2.5.2 Biogeographic inference - Approximate Bayesian Computation (ABC)
Linkage disequilibrium (LD), Hardy Weinberg equilibrium (HWE), minor allele frequency (MAF), and data missingness (MISS) of the SNP dataset were inferred using the software PLINK (Purcell et al. 2007). SNPs were LD pruned with a window of 50 SNPs, a step size of 20 makers, and r2 threshold 0.05. The SNPs showing severe distortion of the HWE (p < 0.05), or MAF lower than 5%, as well as SNP markers with missing data (MISS) above 20% were discarded from further analysis.

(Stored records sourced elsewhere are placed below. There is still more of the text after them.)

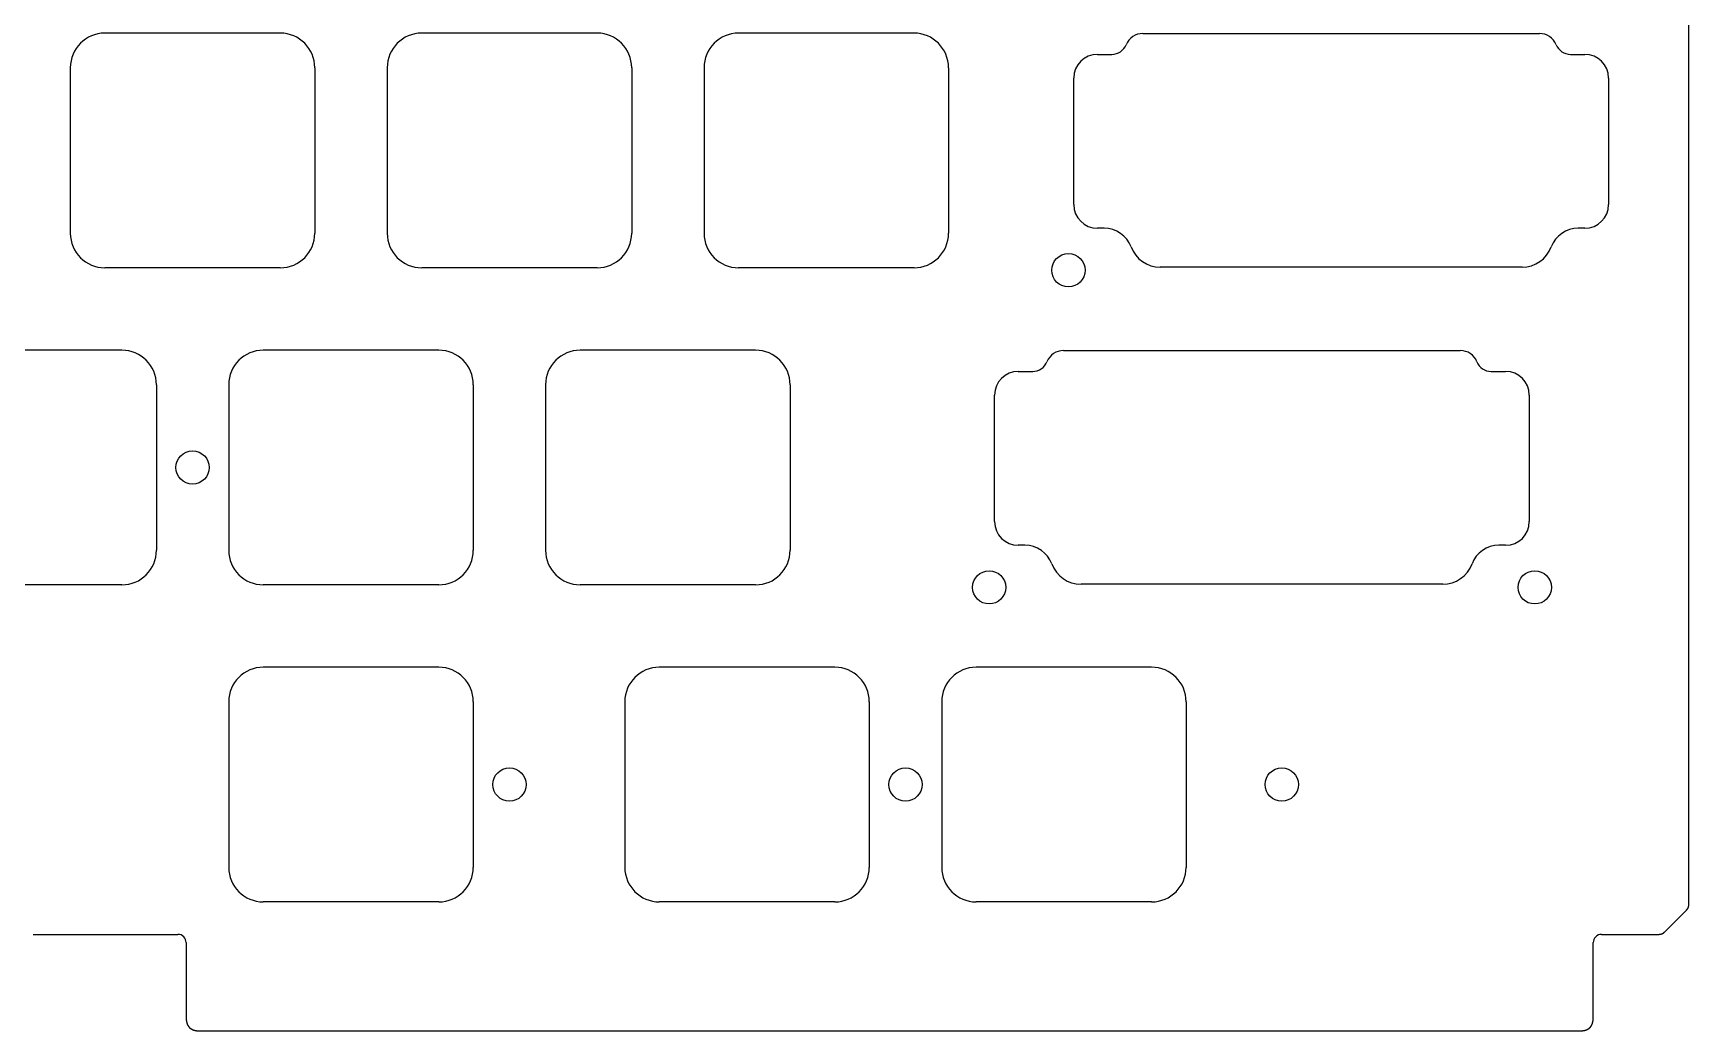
# Model space of a CAD drawing. Header units: millimetres. Extents: x -9 to 276, y -91 to 15.
# Drawn here: x 176.1 to 275.7, y -91 to -31 of the extents above; entities that cross this region are included whole.
import ezdxf

# ---------------------------------------------------------------- set-up
doc = ezdxf.new("R2010")
doc.units = ezdxf.units.MM
doc.layers.add('Edge.Cuts', color=53, linetype='CONTINUOUS', true_color=0xc8a339)

msp = doc.modelspace()

# ---------------------------------------------------------------- linework, layer by layer
at = {"layer": 'Edge.Cuts', "linetype": 'CONTINUOUS'}
for p, q in [((275.7, -83.39289), (275.7, 7.192893)), ((191.0125, -31.05), (180.4625, -31.05)), ((210.0625, -31.05), (199.5125, -31.05)), ((229.1125, -31.05), (218.5625, -31.05)), ((178.3875, -33.125), (178.3875, -43.075)), ((193.0875, -33.125), (193.0875, -43.075)), ((197.4375, -33.125), (197.4375, -43.075)), ((212.1375, -33.125), (212.1375, -43.075)), ((216.4875, -33.125), (216.4875, -43.075)), ((231.1875, -33.125), (231.1875, -43.075)), ((191.0125, -45.15), (180.4625, -45.15)), ((210.0625, -45.15), (199.5125, -45.15)), ((229.1125, -45.15), (218.5625, -45.15)), ((181.4875, -50.1), (170.9375, -50.1)), ((200.5375, -50.1), (189.9875, -50.1)), ((219.5875, -50.1), (209.0375, -50.1)), ((183.5625, -52.175), (183.5625, -62.125)), ((187.9125, -52.175), (187.9125, -62.125)), ((202.6125, -52.175), (202.6125, -62.125)), ((206.9625, -52.175), (206.9625, -62.125)), ((221.6625, -52.175), (221.6625, -62.125)), ((181.4875, -64.2), (170.9375, -64.2)), ((200.5375, -64.2), (189.9875, -64.2)), ((219.5875, -64.2), (209.0375, -64.2)), ((275.645185, -83.623601), (275.646602, -83.620891)), ((275.646602, -83.620891), (275.648, -83.618173)), ((275.648, -83.618173), (275.649379, -83.61545)), ((275.649379, -83.61545), (275.65074, -83.612718)), ((275.65074, -83.612718), (275.652081, -83.60998)), ((275.652081, -83.60998), (275.653404, -83.607234)), ((275.653404, -83.607234), (275.654708, -83.604482)), ((275.654708, -83.604482), (275.655994, -83.601722)), ((275.655994, -83.601722), (275.65726, -83.598956)), ((275.65726, -83.598956), (275.658508, -83.596181)), ((275.658508, -83.596181), (275.659737, -83.5934)), ((275.659737, -83.5934), (275.660948, -83.590611)), ((275.660948, -83.590611), (275.66214, -83.587815)), ((275.66214, -83.587815), (275.663314, -83.585011)), ((275.663314, -83.585011), (275.665606, -83.57938)), ((275.665606, -83.57938), (275.667824, -83.573718)), ((275.667824, -83.573718), (275.669968, -83.568026)), ((275.669968, -83.568026), (275.672039, -83.562301)), ((275.672039, -83.562301), (275.674036, -83.556544)), ((275.674036, -83.556544), (275.67596, -83.550754)), ((275.67596, -83.550754), (275.677811, -83.54493)), ((275.677811, -83.54493), (275.679589, -83.539073)), ((275.679589, -83.539073), (275.681294, -83.533181)), ((275.681294, -83.533181), (275.682925, -83.527254)), ((275.682925, -83.527254), (275.684483, -83.521292)), ((275.684483, -83.521292), (275.685968, -83.515293)), ((275.685968, -83.515293), (275.68738, -83.509257)), ((275.68738, -83.509257), (275.688718, -83.503184)), ((275.688718, -83.503184), (275.689983, -83.497072)), ((275.689983, -83.497072), (275.691174, -83.490922)), ((275.691174, -83.490922), (275.692291, -83.484733)), ((275.692291, -83.484733), (275.693333, -83.478504)), ((275.693333, -83.478504), (275.694302, -83.472234)), ((275.694302, -83.472234), (275.695196, -83.465924)), ((275.695196, -83.465924), (275.696015, -83.459571)), ((275.696015, -83.459571), (275.696758, -83.453176)), ((275.696758, -83.453176), (275.697426, -83.446738)), ((275.697426, -83.446738), (275.698018, -83.440255)), ((275.698018, -83.440255), (275.698534, -83.433729)), ((275.698534, -83.433729), (275.698973, -83.427157)), ((275.698973, -83.427157), (275.699334, -83.42054)), ((275.699334, -83.42054), (275.699618, -83.413876)), ((275.699618, -83.413876), (275.699824, -83.407164)), ((275.699824, -83.407164), (275.699952, -83.400405)), ((275.699952, -83.400405), (275.7, -83.393597)), ((275.7, -83.393597), (275.7, -83.39289)), ((274.246446, -85.05355), (275.553553, -83.746443)), ((275.553553, -83.746443), (275.555963, -83.744019)), ((275.555963, -83.744019), (275.558354, -83.741586)), ((275.558354, -83.741586), (275.560718, -83.739151)), ((275.560718, -83.739151), (275.563063, -83.736707)), ((275.563063, -83.736707), (275.565383, -83.734261)), ((275.565383, -83.734261), (275.567682, -83.731807)), ((275.567682, -83.731807), (275.569957, -83.72935)), ((275.569957, -83.72935), (275.572212, -83.726885)), ((275.572212, -83.726885), (275.574442, -83.724418)), ((275.574442, -83.724418), (275.576653, -83.721942)), ((275.576653, -83.721942), (275.57884, -83.719463)), ((275.57884, -83.719463), (275.581007, -83.716976)), ((275.581007, -83.716976), (275.58315, -83.714487)), ((275.58315, -83.714487), (275.585273, -83.711989)), ((275.585273, -83.711989), (275.587373, -83.709488)), ((275.587373, -83.709488), (275.589453, -83.706979)), ((275.589453, -83.706979), (275.591511, -83.704467)), ((275.591511, -83.704467), (275.593548, -83.701947)), ((275.593548, -83.701947), (275.595563, -83.699423)), ((275.595563, -83.699423), (275.597559, -83.696892)), ((275.597559, -83.696892), (275.599532, -83.694357)), ((275.599532, -83.694357), (275.601485, -83.691814)), ((275.601485, -83.691814), (275.603416, -83.689268)), ((275.603416, -83.689268), (275.605329, -83.686713)), ((275.605329, -83.686713), (275.607218, -83.684155)), ((275.607218, -83.684155), (275.609089, -83.681589)), ((275.609089, -83.681589), (275.610938, -83.679019)), ((275.610938, -83.679019), (275.612768, -83.676441)), ((275.612768, -83.676441), (275.614577, -83.67386)), ((275.614577, -83.67386), (275.616366, -83.67127)), ((275.616366, -83.67127), (275.618134, -83.668676)), ((275.618134, -83.668676), (275.619883, -83.666074)), ((275.619883, -83.666074), (275.621611, -83.663468)), ((275.621611, -83.663468), (275.62332, -83.660854)), ((275.62332, -83.660854), (275.625008, -83.658235)), ((275.625008, -83.658235), (275.626678, -83.655609)), ((275.626678, -83.655609), (275.628327, -83.652978)), ((275.628327, -83.652978), (275.629957, -83.650339)), ((275.629957, -83.650339), (275.631566, -83.647695)), ((275.631566, -83.647695), (275.633157, -83.645044)), ((275.633157, -83.645044), (275.634728, -83.642387)), ((275.634728, -83.642387), (275.63628, -83.639723)), ((275.63628, -83.639723), (275.637811, -83.637053)), ((275.637811, -83.637053), (275.639325, -83.634375)), ((275.639325, -83.634375), (275.640818, -83.631692)), ((275.640818, -83.631692), (275.642293, -83.629002)), ((275.642293, -83.629002), (275.643748, -83.626305)), ((275.643748, -83.626305), (275.645185, -83.623601)), ((176.149852, -85.199997), (184.850852, -85.199997)), ((270.450556, -85.199997), (273.892893, -85.199997)), ((273.892893, -85.199997), (273.896312, -85.199987)), ((273.896312, -85.199987), (273.899722, -85.199957)), ((273.899722, -85.199957), (273.903116, -85.199907)), ((273.903116, -85.199907), (273.906502, -85.199837)), ((273.906502, -85.199837), (273.909871, -85.199748)), ((273.909871, -85.199748), (273.913233, -85.199639)), ((273.913233, -85.199639), (273.916578, -85.19951)), ((273.916578, -85.19951), (273.919916, -85.199361)), ((273.919916, -85.199361), (273.923238, -85.199194)), ((273.923238, -85.199194), (273.926552, -85.199006)), ((273.926552, -85.199006), (273.929851, -85.1988)), ((273.929851, -85.1988), (273.933141, -85.198573)), ((273.933141, -85.198573), (273.936417, -85.198328)), ((273.936417, -85.198328), (273.939685, -85.198064)), ((273.939685, -85.198064), (273.942938, -85.19778)), ((273.942938, -85.19778), (273.946183, -85.197477)), ((273.946183, -85.197477), (273.949414, -85.197155)), ((273.949414, -85.197155), (273.952637, -85.196814)), ((273.952637, -85.196814), (273.955846, -85.196455)), ((273.955846, -85.196455), (273.959047, -85.196076)), ((273.959047, -85.196076), (273.962235, -85.195678)), ((273.962235, -85.195678), (273.965414, -85.195262)), ((273.965414, -85.195262), (273.96858, -85.194827)), ((273.96858, -85.194827), (273.971738, -85.194373)), ((273.971738, -85.194373), (273.974884, -85.1939)), ((273.974884, -85.1939), (273.978021, -85.193408)), ((273.978021, -85.193408), (273.981146, -85.192899)), ((273.981146, -85.192899), (273.984262, -85.19237)), ((273.984262, -85.19237), (273.987367, -85.191823)), ((273.987367, -85.191823), (273.990463, -85.191257)), ((273.990463, -85.191257), (273.993547, -85.190673)), ((273.993547, -85.190673), (273.996624, -85.19007)), ((273.996624, -85.19007), (273.999689, -85.189449)), ((273.999689, -85.189449), (274.002746, -85.188809)), ((274.002746, -85.188809), (274.005791, -85.188151)), ((274.005791, -85.188151), (274.008829, -85.187475)), ((274.008829, -85.187475), (274.011855, -85.18678)), ((274.011855, -85.18678), (274.014873, -85.186067)), ((274.014873, -85.186067), (274.017881, -85.185335)), ((274.017881, -85.185335), (274.020881, -85.184585)), ((274.020881, -85.184585), (274.02387, -85.183817)), ((274.02387, -85.183817), (274.026851, -85.183031)), ((274.026851, -85.183031), (274.029822, -85.182226)), ((274.029822, -85.182226), (274.032786, -85.181403)), ((274.032786, -85.181403), (274.035739, -85.180562)), ((274.035739, -85.180562), (274.038684, -85.179702)), ((274.038684, -85.179702), (274.04162, -85.178824)), ((274.04162, -85.178824), (274.044548, -85.177928)), ((274.044548, -85.177928), (274.047466, -85.177014)), ((274.047466, -85.177014), (274.050376, -85.176081)), ((274.050376, -85.176081), (274.053278, -85.17513)), ((274.053278, -85.17513), (274.056171, -85.174161)), ((274.056171, -85.174161), (274.059056, -85.173173)), ((274.059056, -85.173173), (274.061933, -85.172167)), ((274.061933, -85.172167), (274.064801, -85.171143)), ((274.064801, -85.171143), (274.067661, -85.1701)), ((274.067661, -85.1701), (274.070513, -85.16904)), ((274.070513, -85.16904), (274.073357, -85.16796)), ((274.073357, -85.16796), (274.076193, -85.166863)), ((274.076193, -85.166863), (274.079022, -85.165747)), ((274.079022, -85.165747), (274.081842, -85.164612)), ((274.081842, -85.164612), (274.084655, -85.16346)), ((274.084655, -85.16346), (274.090257, -85.161099)), ((274.090257, -85.161099), (274.095828, -85.158664)), ((274.095828, -85.158664), (274.10137, -85.156154)), ((274.10137, -85.156154), (274.106882, -85.153571)), ((274.106882, -85.153571), (274.112365, -85.150912)), ((274.112365, -85.150912), (274.11782, -85.148179)), ((274.11782, -85.148179), (274.123247, -85.14537)), ((274.123247, -85.14537), (274.128645, -85.142485)), ((274.128645, -85.142485), (274.134017, -85.139524)), ((274.134017, -85.139524), (274.139362, -85.136487)), ((274.139362, -85.136487), (274.14468, -85.133372)), ((274.14468, -85.133372), (274.149972, -85.13018)), ((274.149972, -85.13018), (274.155238, -85.126911)), ((274.155238, -85.126911), (274.160479, -85.123563)), ((274.160479, -85.123563), (274.165694, -85.120135)), ((274.165694, -85.120135), (274.170885, -85.116629)), ((274.170885, -85.116629), (274.176051, -85.113042)), ((274.176051, -85.113042), (274.181193, -85.109375)), ((274.181193, -85.109375), (274.186311, -85.105626)), ((274.186311, -85.105626), (274.191406, -85.101796)), ((274.191406, -85.101796), (274.196477, -85.097883)), ((274.196477, -85.097883), (274.201525, -85.093887)), ((274.201525, -85.093887), (274.20655, -85.089806)), ((274.20655, -85.089806), (274.211552, -85.085641)), ((274.211552, -85.085641), (274.216531, -85.081391)), ((274.216531, -85.081391), (274.221489, -85.077054)), ((274.221489, -85.077054), (274.226424, -85.072631)), ((274.226424, -85.072631), (274.231337, -85.068119)), ((274.231337, -85.068119), (274.236228, -85.063519)), ((274.236228, -85.063519), (274.241098, -85.05883)), ((274.241098, -85.05883), (274.245945, -85.05405)), ((274.245945, -85.05405), (274.246446, -85.05355)), ((185.350852, -85.699997), (185.350852, -90.199997)), ((269.950556, -90.199997), (269.950556, -85.699997)), ((185.350852, -90.199997), (185.350862, -90.205644)), ((185.350862, -90.205644), (185.350892, -90.211271)), ((185.350892, -90.211271), (185.350942, -90.216858)), ((185.350942, -90.216858), (185.351011, -90.222425)), ((185.351011, -90.222425), (185.351101, -90.227953)), ((185.351101, -90.227953), (185.351209, -90.233461)), ((185.351209, -90.233461), (185.351338, -90.23893)), ((185.351338, -90.23893), (185.351485, -90.24438)), ((185.351485, -90.24438), (185.351652, -90.249791)), ((185.351652, -90.249791), (185.351838, -90.255183)), ((185.351838, -90.255183), (185.352043, -90.260537)), ((185.352043, -90.260537), (185.352267, -90.265871)), ((185.352267, -90.265871), (185.352509, -90.271168)), ((185.352509, -90.271168), (185.352771, -90.276446)), ((185.352771, -90.276446), (185.353051, -90.281686)), ((185.353051, -90.281686), (185.35335, -90.286907)), ((185.35335, -90.286907), (185.353667, -90.292092)), ((185.353667, -90.292092), (185.354003, -90.297257)), ((185.354003, -90.297257), (185.354356, -90.302386)), ((185.354356, -90.302386), (185.354728, -90.307497)), ((185.354728, -90.307497), (185.355118, -90.312571)), ((185.355118, -90.312571), (185.355526, -90.317627)), ((185.355526, -90.317627), (185.355952, -90.322647)), ((185.355952, -90.322647), (185.356396, -90.327648)), ((185.356396, -90.327648), (185.356857, -90.332615)), ((185.356857, -90.332615), (185.357337, -90.337563)), ((185.357337, -90.337563), (185.357833, -90.342476)), ((185.357833, -90.342476), (185.358347, -90.347371)), ((185.358347, -90.347371), (185.358878, -90.352232)), ((185.358878, -90.352232), (185.359427, -90.357074)), ((185.359427, -90.357074), (185.359993, -90.361882)), ((185.359993, -90.361882), (185.360576, -90.366673)), ((185.360576, -90.366673), (185.361175, -90.371429)), ((185.361175, -90.371429), (185.361793, -90.376168)), ((185.361793, -90.376168), (185.362426, -90.380874)), ((185.362426, -90.380874), (185.363077, -90.385562)), ((185.363077, -90.385562), (185.363744, -90.390217)), ((185.363744, -90.390217), (185.364428, -90.394854)), ((185.364428, -90.394854), (185.365128, -90.399459)), ((185.365128, -90.399459), (185.365846, -90.404047)), ((185.365846, -90.404047), (185.366578, -90.408602)), ((185.366578, -90.408602), (185.367329, -90.41314)), ((185.367329, -90.41314), (185.368094, -90.417647)), ((185.368094, -90.417647), (185.368876, -90.422136)), ((185.368876, -90.422136), (185.369674, -90.426593)), ((185.369674, -90.426593), (185.370489, -90.431034)), ((185.370489, -90.431034), (185.371318, -90.435444)), ((185.371318, -90.435444), (185.372165, -90.439836)), ((185.372165, -90.439836), (185.373026, -90.444198)), ((185.373026, -90.444198), (185.373904, -90.448543)), ((185.373904, -90.448543), (185.374796, -90.452858)), ((185.374796, -90.452858), (185.375706, -90.457157)), ((185.375706, -90.457157), (185.376629, -90.461425)), ((185.376629, -90.461425), (185.377569, -90.465676)), ((185.377569, -90.465676), (185.378524, -90.469899)), ((185.378524, -90.469899), (185.379495, -90.474104)), ((185.379495, -90.474104), (185.38048, -90.478281)), ((185.38048, -90.478281), (185.381482, -90.482441)), ((185.381482, -90.482441), (185.382497, -90.486572)), ((185.382497, -90.486572), (185.383529, -90.490687)), ((185.383529, -90.490687), (185.384574, -90.494774)), ((185.384574, -90.494774), (185.385636, -90.498844)), ((185.385636, -90.498844), (185.386712, -90.502886)), ((185.386712, -90.502886), (185.387803, -90.506913)), ((185.387803, -90.506913), (185.388908, -90.510911)), ((185.388908, -90.510911), (185.39003, -90.514894)), ((185.39003, -90.514894), (185.391164, -90.518849)), ((185.391164, -90.518849), (185.392315, -90.522788)), ((185.392315, -90.522788), (185.393478, -90.5267)), ((185.393478, -90.5267), (185.394658, -90.530597)), ((185.394658, -90.530597), (185.395851, -90.534467)), ((185.395851, -90.534467), (185.397059, -90.53832)), ((185.397059, -90.53832), (185.398281, -90.542148)), ((185.398281, -90.542148), (185.399518, -90.54596)), ((185.399518, -90.54596), (185.400769, -90.549747)), ((185.400769, -90.549747), (185.402035, -90.553517)), ((185.402035, -90.553517), (185.403313, -90.557262)), ((185.403313, -90.557262), (185.404608, -90.560992)), ((185.404608, -90.560992), (185.405914, -90.564696)), ((185.405914, -90.564696), (185.407237, -90.568385)), ((185.407237, -90.568385), (185.408572, -90.57205)), ((185.408572, -90.57205), (185.409923, -90.575698)), ((185.409923, -90.575698), (185.411286, -90.579323)), ((185.411286, -90.579323), (185.412664, -90.582931)), ((185.412664, -90.582931), (185.414055, -90.586516)), ((185.414055, -90.586516), (185.415461, -90.590086)), ((185.415461, -90.590086), (185.41688, -90.593632)), ((269.88443, -90.593873), (269.887251, -90.586777)), ((269.887251, -90.586777), (269.890016, -90.579603)), ((269.890016, -90.579603), (269.892725, -90.57235)), ((269.892725, -90.57235), (269.895379, -90.565018)), ((269.895379, -90.565018), (269.897976, -90.557606)), ((269.897976, -90.557606), (269.900517, -90.550113)), ((269.900517, -90.550113), (269.903002, -90.542538)), ((269.903002, -90.542538), (269.905428, -90.53488)), ((269.905428, -90.53488), (269.907798, -90.527139)), ((269.907798, -90.527139), (269.910109, -90.519313)), ((269.910109, -90.519313), (269.912362, -90.511402)), ((269.912362, -90.511402), (269.914557, -90.503405)), ((269.914557, -90.503405), (269.916692, -90.495321)), ((269.916692, -90.495321), (269.918768, -90.487149)), ((269.918768, -90.487149), (269.920783, -90.478887)), ((269.920783, -90.478887), (269.922738, -90.470536)), ((269.922738, -90.470536), (269.924632, -90.462094)), ((269.924632, -90.462094), (269.926465, -90.45356)), ((269.926465, -90.45356), (269.928235, -90.444934)), ((269.928235, -90.444934), (269.929943, -90.436214)), ((269.929943, -90.436214), (269.931588, -90.427399)), ((269.931588, -90.427399), (269.933169, -90.418489)), ((269.933169, -90.418489), (269.934686, -90.409482)), ((269.934686, -90.409482), (269.936138, -90.400378)), ((269.936138, -90.400378), (269.937524, -90.391175)), ((269.937524, -90.391175), (269.938845, -90.381872)), ((269.938845, -90.381872), (269.940099, -90.372469)), ((269.940099, -90.372469), (269.941285, -90.362964)), ((269.941285, -90.362964), (269.942404, -90.353357)), ((269.942404, -90.353357), (269.943454, -90.343646)), ((269.943454, -90.343646), (269.944435, -90.33383)), ((269.944435, -90.33383), (269.945346, -90.323908)), ((269.945346, -90.323908), (269.946186, -90.31388)), ((269.946186, -90.31388), (269.946955, -90.303744)), ((269.946955, -90.303744), (269.947652, -90.293499)), ((269.947652, -90.293499), (269.948275, -90.283144)), ((269.948275, -90.283144), (269.948826, -90.272678)), ((269.948826, -90.272678), (269.949302, -90.2621)), ((269.949302, -90.2621), (269.949702, -90.251408)), ((269.949702, -90.251408), (269.950027, -90.240603)), ((269.950027, -90.240603), (269.950275, -90.229682)), ((269.950275, -90.229682), (269.950446, -90.218644)), ((269.950446, -90.218644), (269.950538, -90.207489)), ((269.950538, -90.207489), (269.950556, -90.199997)), ((185.41688, -90.593632), (185.418314, -90.597162)), ((185.418314, -90.597162), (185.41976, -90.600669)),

We applied an Approximate Bayesian Computation (ABC) using the software DIYABC v. 2.1.0 (Cornuet et al. 2014). The potential demographic history was inferred via complex evolutionary scenarios. To keep the scenarios in the ABC simple, four populations were defined based on the results of the cluster analysis and the admixture plots: Pop1 (Western Siberia= WSib), Pop2 (Western Yakutia= WYak), Pop3 (Eastern Yakutia= EYak), and Pop4 (Chukotka= Chuk). Alternative scenarios including the predefined four distinct genetic groups for the estimation of the population demographic history were constructed. In these scenarios, t# represents the time scale, measured by generation time, and N# represents the effective population size of the corresponding populations. The 12 examined scenarios viewed backward in time, are as follows (Fig. 2):
Scenario 1: Pop4/ Chuk merged with Pop3/ EYak at t1, and then they merged with Pop2/ WYak at t2. They merged with Pop1/ WSib at t3. Scenario 2: Pop3/ EYak merged with Pop2/ WYak at t1, and then Pop4/ Chuk merged with them at t2. They merged with Pop1/ WSib at t3. Scenario 3: Pop3/ EYak was created by an admixture of Pop2/ Wyak and Pop4/ Chuk at t1, and then Pop4/ Chuk merged with Pop2/ WYak at t2. Pop2 merged with Pop1/ WSib at t3. Scenario 4: Three populations (Pop1/ WSib, Pop3/ EYak, Pop4/ Chuk) split at the same time, namely t1, and then Pop2/ WYak merged with them at t2. Scenario 5: All four populations (Pop1/ WSib, Pop2/ WYak, Pop3/ EYak, Pop4/ Chuk) split at the same time, namely t1. Scenario 6: The order of the hierarchical splits is the same as in scenario 1 but a recent bottleneck was modeled in all four populations at t1-db (db: time scale to bottleneck before t1): population size changed from N1 to N1b, from N2 to N2b, from N3 to N3b, and from N4 to N4b. N4b merged with N3b at t2, and then they merged with N2b at t3. They merged with N1b at t4. Scenarios 7–12: These are the same as scenarios 1–6 but an ancient and severe bottleneck was modeled: population size changed from N1 to N1a (and from N1b to N1a for scenario 12) at t4-db for scenarios 7–9, at t3-db for scenario 10, at t2-db for scenario 11, and at t5-db for scenario 12.